Les nombreux commentateurs de L’éveil du printemps et je pense particulièrement à Freud et Lacan, ont surtout insisté sur le ressenti des enfants, sur l’effet que produit sur eux l’éveil de la sexualité. Dans ces analyses, le caractère répressif joué par les parents et les valeurs de l’éduction bourgeoise sont relégués au second plan. C’est un aspect essentiel de la pièce. C’est malgré tout l’aspect qui m’intéresse le moins, il m’apparaît presque désuet. En travaillant à adapter la pièce, j’ai cherché à minimiser au maximum le rôle des parents, à les faire exister mais comme en hors champs, en tout cas à ne plus les rendre responsables de tous les maux de leurs enfants. C’est un parti pris radical. Mais il me semble que les choses ont radicalement évolué sur ces questions-là. Une cigogne n’est plus une hypothèse crédible, un clic suffit pour avoir une explication beaucoup plus plausible et plus détaillée, la preuve par l’image.
En travaillant avec des lycéens, je me suis rendu compte que les drames qui parcouraient la pièce (suicide, avortement, incarcération en maison de correction…) n’avaient rien perdu de leur actualité. Comme dans la pièce, on assiste à une faillite du système éducatif, simplement on n’éduque plus les enfants aujourd’hui comme il y a un siècle.

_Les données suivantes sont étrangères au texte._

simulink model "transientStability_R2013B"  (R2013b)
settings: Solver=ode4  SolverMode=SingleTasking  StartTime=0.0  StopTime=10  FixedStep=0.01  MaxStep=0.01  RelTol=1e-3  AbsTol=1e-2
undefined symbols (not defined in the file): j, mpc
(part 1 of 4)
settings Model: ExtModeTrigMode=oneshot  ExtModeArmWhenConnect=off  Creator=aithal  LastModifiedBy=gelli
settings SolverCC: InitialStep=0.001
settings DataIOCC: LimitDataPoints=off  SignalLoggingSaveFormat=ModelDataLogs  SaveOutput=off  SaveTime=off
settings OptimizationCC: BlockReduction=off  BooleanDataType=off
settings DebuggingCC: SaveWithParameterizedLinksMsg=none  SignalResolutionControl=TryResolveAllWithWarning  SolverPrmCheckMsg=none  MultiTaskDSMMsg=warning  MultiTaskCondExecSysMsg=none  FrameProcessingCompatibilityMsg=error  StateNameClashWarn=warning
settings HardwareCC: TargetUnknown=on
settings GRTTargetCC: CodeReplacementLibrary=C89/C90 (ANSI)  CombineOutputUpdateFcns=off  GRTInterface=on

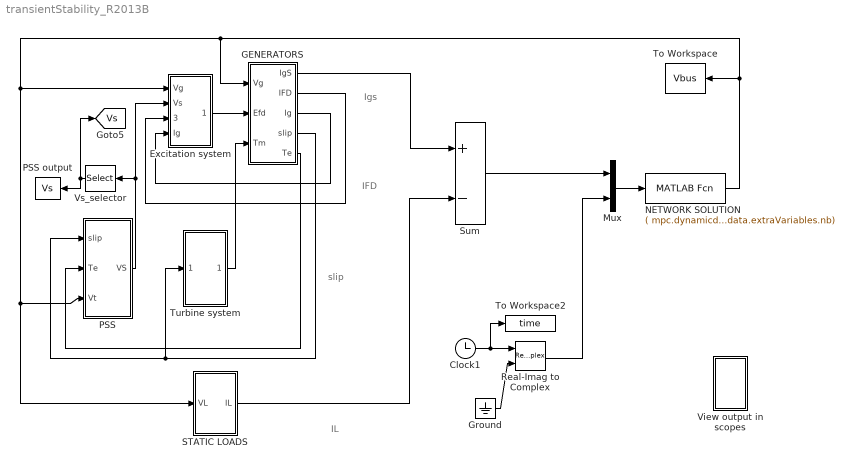
== system transientStability_R2013B ==
  note: Igs
  note: IL
  note: IFD
  note: slip
  Clock1 : Clock
  Excitation system : Subsystem
  GENERATORS : Subsystem
  Ground : Ground
  Mux : Mux  Inputs=[mpc.dynamicdata.extraVariables.nb 1]
  NETWORK SOLUTION : MATLABFcn  MATLABFcn="( mpc.dynamicdata.Yform.Y  * (abs(u(mpc.dynamicdata.extraVariables.nb+1))<mpc.dynamicdata.Yform.Tfault)  + mpc.dynamicdata.Yform.Yf  * (abs(u(mpc.dynamicdata.extraVariables.nb+1))>=mpc.dynamicdata.Yform.Tfault & abs(u(mpc.dynamicdata.extraVariables.nb+1)) <(mpc.dynamicdata.Yform.Tfault+mpc.dynamicdata.Yform.Tclear) ) + mpc.dynamicdata.Yform.Ypf * (abs(u(mpc.dynamicdata.extraVariables.nb+1)) >= (mpc.dynamicdata.Yform.Tfault+mpc.dynamicdata.Yform.Tclear) )  ) \\   u(1:mpc.dynamicdata.extraVariables.nb)"  OutputDimensions=mpc.dynamicdata.extraVariables.nb  OutputSignalType=complex
  PSS : Subsystem
  PSS output : ToWorkspace  VariableName=Vs  SampleTime=0.01
  Real-Imag to Complex : RealImagToComplex
  STATIC LOADS : Subsystem
  Sum : Sum  Inputs=+-  SaturateOnIntegerOverflow=on  InputSameDT=on  OutDataTypeStr=Inherit: Same as first input
  To Workspace : ToWorkspace  VariableName=Vbus  SampleTime=0.01
  To Workspace2 : ToWorkspace  VariableName=time  SampleTime=0.01
  Turbine system : Subsystem
  View output in scopes : Subsystem
  Vs_selector : Selector  InputPortWidth=mpc.dynamicdata.extraVariables.nb  IndexOptions=Index vector (dialog)  Indices=(mpc.dynamicdata.gen(:,1))  OutputSizes=1
  tag scope: Vs=global
  wires:
  Excitation system/1(Efd) -> GENERATORS/2(Efd)
  GENERATORS/2(IFD) -> Excitation system/3(IFD)
  GENERATORS/3(Ig) -> Excitation system/4(Ig)
  GENERATORS/1(IgS) -> Sum/1
  GENERATORS/4(slip) -> Turbine system/1(slip), PSS/1(slip)
  GENERATORS/5(Te) -> PSS/2(Te)
  Sum/1 -> Mux/1
  Ground/1 -> Real-Imag to Complex/2
  Real-Imag to Complex/1 -> Mux/2
  Clock1/1 -> Real-Imag to Complex/1, To Workspace2/1
  Mux/1 -> NETWORK SOLUTION/1
  Turbine system/1(Tm) -> GENERATORS/3(Tm)
  PSS/1(VS) -> Excitation system/2(Vs), Vs_selector/1
  Vs_selector/1 -> PSS output/1, [Vs]
  NETWORK SOLUTION/1 -> GENERATORS/1(Vg), Excitation system/1(Vg), STATIC LOADS/1(VL), PSS/3(Vt), To Workspace/1
  STATIC LOADS/1(IL) -> Sum/2

== system transientStability_R2013B/Excitation system ==
  Vg : Inport
  Vs : Inport  Port=2
  IFD : Inport  Port=3
  Ig : Inport  Port=4
  "Exciter_AC1A " : Subsystem
  Exciter_AC4A : Subsystem
  Exciter_DC1A : Subsystem
  Exciter_ST1A : Subsystem
  Exciter_ST2A : Subsystem
  Exciter_static : Subsystem
  Select-AVR : Subsystem
  Sum1 : Sum  Inputs=++++++  SaturateOnIntegerOverflow=on  InputSameDT=on  OutDataTypeStr=Inherit: Same as first input
  flag : Constant  Value=mpc.dynamicdata.gen_exciterParameters.AVR
  Efd : Outport  InitialOutput=0
  wires:
  Vg/1 -> Exciter_static/1(V), Exciter_DC1A/1(V), Exciter_AC4A/1(V), Exciter_ST2A/1(V), "Exciter_AC1A "/1(V), Exciter_ST1A/1(V)
  Vs/1 -> Exciter_static/2(Vs), Exciter_DC1A/2(Vs), Exciter_AC4A/2(Vs), Exciter_ST2A/2(Vs), "Exciter_AC1A "/2(Vs), Exciter_ST1A/2(Vs)
  Exciter_static/1(Efd) -> Sum1/1
  Exciter_DC1A/1(Efd) -> Sum1/2
  Exciter_AC4A/1(Efd) -> Sum1/3
  Ig/1 -> Exciter_ST2A/4(Ia)
  Exciter_ST2A/1(Efd) -> Sum1/4
  IFD/1 -> Exciter_AC4A/3(IFD), Exciter_ST2A/3(IFD), "Exciter_AC1A "/3(IFD), Exciter_ST1A/3(IFD)
  "Exciter_AC1A "/1(Efd) -> Sum1/5
  Select-AVR/1(out_1) -> Efd/1
  Sum1/1 -> Select-AVR/2(in_2)
  flag/1 -> Select-AVR/1(in_1)
  Exciter_ST1A/1(Efd) -> Sum1/6

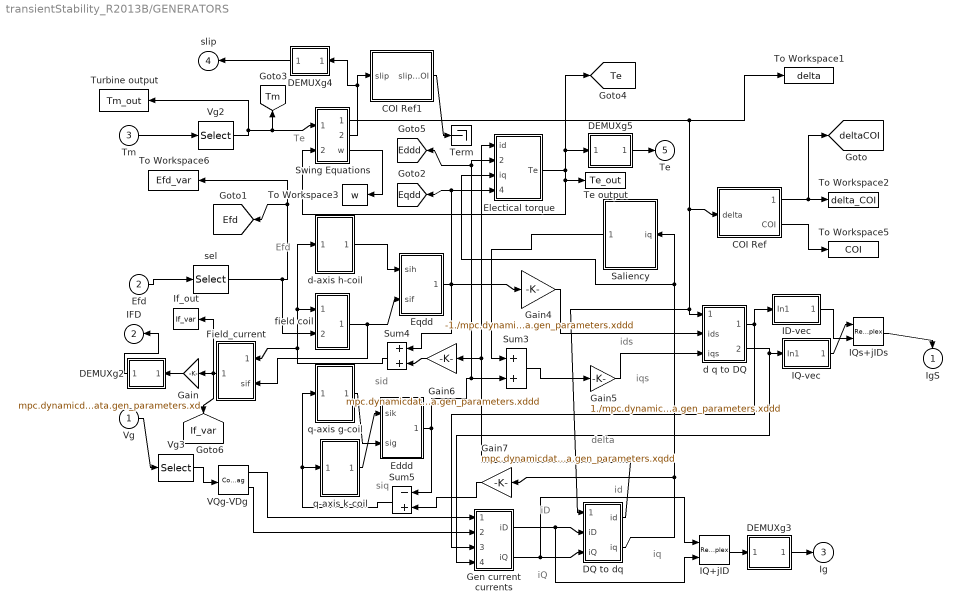
== system transientStability_R2013B/GENERATORS ==
  note: iq
  note: id
  note: Efd
  note: Te
  note: sid
  note: siq
  note: iqs
  note: ids
  note: iD
  note: iQ
  note: delta
  Vg : Inport
  Efd : Inport  Port=2
  Tm : Inport  Port=3
  " field coil" : Subsystem
  COI Ref : Subsystem
  COI Ref1 : Subsystem
  DEMUXg2 : Subsystem
  DEMUXg3 : Subsystem
  DEMUXg4 : Subsystem
  DEMUXg5 : Subsystem
  DQ to dq : Subsystem
  Eddd : Subsystem
  Electical torque : Subsystem
  "Eqdd " : Subsystem
  Field_current : Subsystem
  Gain : Gain  Gain=mpc.dynamicdata.gen_parameters.xd  SaturateOnIntegerOverflow=on  OutDataTypeStr=Inherit: Same as input  ParamDataTypeStr=Inherit: Same as input
  Gain4 : Gain  Gain=-1./mpc.dynamicdata.gen_parameters.xddd  SaturateOnIntegerOverflow=on  OutDataTypeStr=Inherit: Same as input  ParamDataTypeStr=Inherit: Same as input
  Gain5 : Gain  Gain=1./mpc.dynamicdata.gen_parameters.xddd  SaturateOnIntegerOverflow=on  OutDataTypeStr=Inherit: Same as input  ParamDataTypeStr=Inherit: Same as input
  Gain6 : Gain  Gain=mpc.dynamicdata.gen_parameters.xddd  SaturateOnIntegerOverflow=on  OutDataTypeStr=Inherit: Same as input  ParamDataTypeStr=Inherit: Same as input
  Gain7 : Gain  Gain=mpc.dynamicdata.gen_parameters.xqdd  SaturateOnIntegerOverflow=on  OutDataTypeStr=Inherit: Same as input  ParamDataTypeStr=Inherit: Same as input
  Gen current currents : Subsystem
  ID-vec : Subsystem
  IQ+jID : RealImagToComplex
  IQ-vec : Subsystem
  IQs+jIDs : RealImagToComplex
  If_out : ToWorkspace  VariableName=If_var  SampleTime=0.01
  Saliency : Subsystem
  Sum3 : Sum  SaturateOnIntegerOverflow=on  InputSameDT=on  OutDataTypeStr=Inherit: Same as first input
  Sum4 : Sum  SaturateOnIntegerOverflow=on  InputSameDT=on  OutDataTypeStr=Inherit: Same as first input
  Sum5 : Sum  Inputs=-+  SaturateOnIntegerOverflow=on  InputSameDT=on  OutDataTypeStr=Inherit: Same as first input
  Swing Equations : Subsystem
  Te output : ToWorkspace  VariableName=Te_out  SampleTime=0.01
  Term : Terminator
  To Workspace1 : ToWorkspace  VariableName=delta  SampleTime=0.01
  To Workspace2 : ToWorkspace  VariableName=delta_COI  SampleTime=0.01
  To Workspace3 : ToWorkspace  VariableName=w  SampleTime=0.01
  To Workspace5 : ToWorkspace  VariableName=COI  SampleTime=0.01
  To Workspace6 : ToWorkspace  VariableName=Efd_var  SampleTime=0.01
  Turbine output : ToWorkspace  VariableName=Tm_out  SampleTime=0.01
  VQg-VDg : ComplexToRealImag
  Vg2 : Selector  InputPortWidth=mpc.dynamicdata.extraVariables.nb  IndexOptions=Index vector (dialog)  Indices=(mpc.dynamicdata.gen(:,1))  OutputSizes=1
  Vg3 : Selector  InputPortWidth=mpc.dynamicdata.extraVariables.nb  IndexOptions=Index vector (dialog)  Indices=(mpc.dynamicdata.gen(:,1))  OutputSizes=1
  d q to DQ : Subsystem
  d-axis h-coil : Subsystem
  q-axis g-coil : Subsystem
  q-axis k-coil : Subsystem
  sel : Selector  InputPortWidth=mpc.dynamicdata.extraVariables.nb  IndexOptions=Index vector (dialog)  Indices=(mpc.dynamicdata.gen(:,1))  OutputSizes=1
  IgS : Outport  InitialOutput=0
  IFD : Outport  Port=2  InitialOutput=0
  Ig : Outport  Port=3  InitialOutput=0
  slip : Outport  Port=4  InitialOutput=0
  Te : Outport  Port=5  InitialOutput=0
  tag scope: Eddd=global, Efd=global, Eqdd=global, If_var=global, Te=global, Tm=global, deltaCOI=global
  wires:
  Saliency/1(Edumdd) -> Sum3/1
  Sum3/1 -> Gain5/1
  Gain5/1 -> d q to DQ/3(iqs)
  Electical torque/1(Te) -> Swing Equations/2(Te), Te output/1, DEMUXg5/1(In1), [Te]
  Gain4/1 -> d q to DQ/2(ids)
  COI Ref1/1(slip_COI) -> Term/1
  COI Ref/2(COI) -> To Workspace5/1
  COI Ref/1(delta_COI) -> To Workspace2/1, [deltaCOI]
  d-axis h-coil/1(sih) -> "Eqdd "/1(sih)
  q-axis g-coil/1(sig) -> Eddd/2(sig)
  q-axis k-coil/1(sik) -> Eddd/1(sik)
  Gain6/1 -> Sum4/2
  DQ to dq/1(id) -> Electical torque/1(id), Gain6/1
  DQ to dq/2(iq) -> Gain7/1, Saliency/1(iq), Electical torque/3(iq)
  Gain7/1 -> Sum5/2
  Sum5/1 -> q-axis k-coil/1(siq), q-axis g-coil/1(siq)
  Eddd/1(Eddd) -> Sum5/1, Sum3/2, Electical torque/2(Eddd), [Eddd]
  "Eqdd "/1(Eqdd) -> Sum4/1, Gain4/1, Electical torque/4(Eqdd), [Eqdd]
  IQ-vec/1(Out1) -> IQs+jIDs/1
  ID-vec/1(Out1) -> IQs+jIDs/2
  d q to DQ/2(iQs) -> Gen current currents/4(iQs), IQ-vec/1(In1)
  d q to DQ/1(iDs) -> Gen current currents/3(iDs), ID-vec/1(In1)
  IQs+jIDs/1 -> IgS/1
  VQg-VDg/1 -> Gen current currents/1(VQ)
  VQg-VDg/2 -> Gen current currents/2(VD)
  Vg3/1 -> VQg-VDg/1
  Vg/1 -> Vg3/1
  Efd/1 -> sel/1
  Sum4/1 -> " field coil"/1(sid), d-axis h-coil/1(sid), Field_current/1(sid)
  " field coil"/1(sif) -> "Eqdd "/2(sif), Field_current/2(sif)
  Gen current currents/1(iD) -> DQ to dq/2(iD), IQ+jID/2
  Gen current currents/2(iQ) -> DQ to dq/3(iQ), IQ+jID/1
  IQ+jID/1 -> DEMUXg3/1(In1)
  DEMUXg3/1(Out1) -> Ig/1
  Gain/1 -> DEMUXg2/1(In1)
  DEMUXg2/1(Out1) -> IFD/1
  Tm/1 -> Vg2/1
  Swing Equations/2(slip) -> COI Ref1/1(slip), DEMUXg4/1(In1)
  DEMUXg4/1(Out1) -> slip/1
  sel/1 -> To Workspace6/1, [Efd], " field coil"/2(Efd)
  Vg2/1 -> Swing Equations/1(Tm), [Tm], Turbine output/1
  Field_current/1(ifd) -> Gain/1, [If_var], If_out/1
  DEMUXg5/1(Out1) -> Te/1
  Swing Equations/1(delta) -> DQ to dq/1(delta), d q to DQ/1(delta), COI Ref/1(delta), To Workspace1/1
  Swing Equations/3(w) -> To Workspace3/1

== system transientStability_R2013B/PSS ==
  slip : Inport
  Te : Inport  Port=2
  Vt : Inport  Port=3
  Constant : Constant  Value=mpc.dynamicdata.gen_pssParameters.PSS
  PSS_slip_signal : Subsystem
  Power_input_PSS : Subsystem
  Select-PSS : Subsystem
  Sum1 : Sum  Inputs=++++  SaturateOnIntegerOverflow=on  InputSameDT=on  OutDataTypeStr=Inherit: Same as first input
  delP_Omega_PSS : Subsystem
  "frequency_input_PSS " : Subsystem
  VS : Outport
  wires:
  Select-PSS/1(out_1) -> VS/1
  Constant/1 -> Select-PSS/1(in_1)
  PSS_slip_signal/1(vs) -> Sum1/1
  Power_input_PSS/1(Vs) -> Sum1/2
  Sum1/1 -> Select-PSS/2(in_2)
  Vt/1 -> "frequency_input_PSS "/1(V)
  "frequency_input_PSS "/1(Vs) -> Sum1/3
  slip/1 -> PSS_slip_signal/1(slip), delP_Omega_PSS/1(slip)
  Te/1 -> Power_input_PSS/1(Te), delP_Omega_PSS/2(Te)
  delP_Omega_PSS/1(Vs) -> Sum1/4

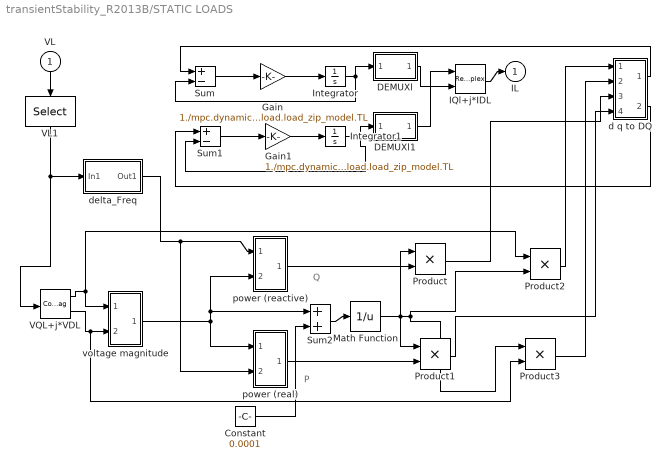
== system transientStability_R2013B/STATIC LOADS ==
  note: P
  note: Q
  VL : Inport
  Constant : Constant  Value=0.0001
  DEMUXl : Subsystem
  DEMUXl1 : Subsystem
  Gain : Gain  Gain=1./mpc.dynamicdata.load.load_zip_model.TL  SaturateOnIntegerOverflow=on  OutDataTypeStr=Inherit: Same as input  ParamDataTypeStr=Inherit: Same as input
  Gain1 : Gain  Gain=1./mpc.dynamicdata.load.load_zip_model.TL  SaturateOnIntegerOverflow=on  OutDataTypeStr=Inherit: Same as input  ParamDataTypeStr=Inherit: Same as input
  IQl+j*IDL : RealImagToComplex
  Integrator : Integrator
  Integrator1 : Integrator
  Math Function : Math  Operator=reciprocal  SaturateOnIntegerOverflow=on
  Product{,1..3} (4 alike) : Product  SaturateOnIntegerOverflow=on  RndMeth=Zero  InputSameDT=on  OutDataTypeStr=Inherit: Same as first input
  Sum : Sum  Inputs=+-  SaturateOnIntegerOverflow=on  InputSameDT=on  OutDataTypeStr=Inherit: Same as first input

Je voudrais parler des enfants d’aujourd’hui.
L’écriture de Wedekind est radicale, il n’y a pas de complaisance, L’éveil du printemps flirte avec la cruauté, mais n’oublie jamais l’humour, la pièce s’autorise le lyrisme, mais ce n’est pas un lyrisme de pacotille. Les personnages ont des aspirations, encore faut-il qu’ils parviennent à résoudre leurs contradictions.
L’éveil du printemps : le titre porte en lui la problématique de la pièce. Éveil de la conscience, de la sensualité, de la sexualité…
Comment négocier le virage ?
C’est l’âge où l’on n’est plus un enfant, on perd officiellement son statut d’innocent, mais ce statut n’a-t-il pas toujours était galvaudé ?
Le printemps : aucune saison ne connaît tant de bouleversements.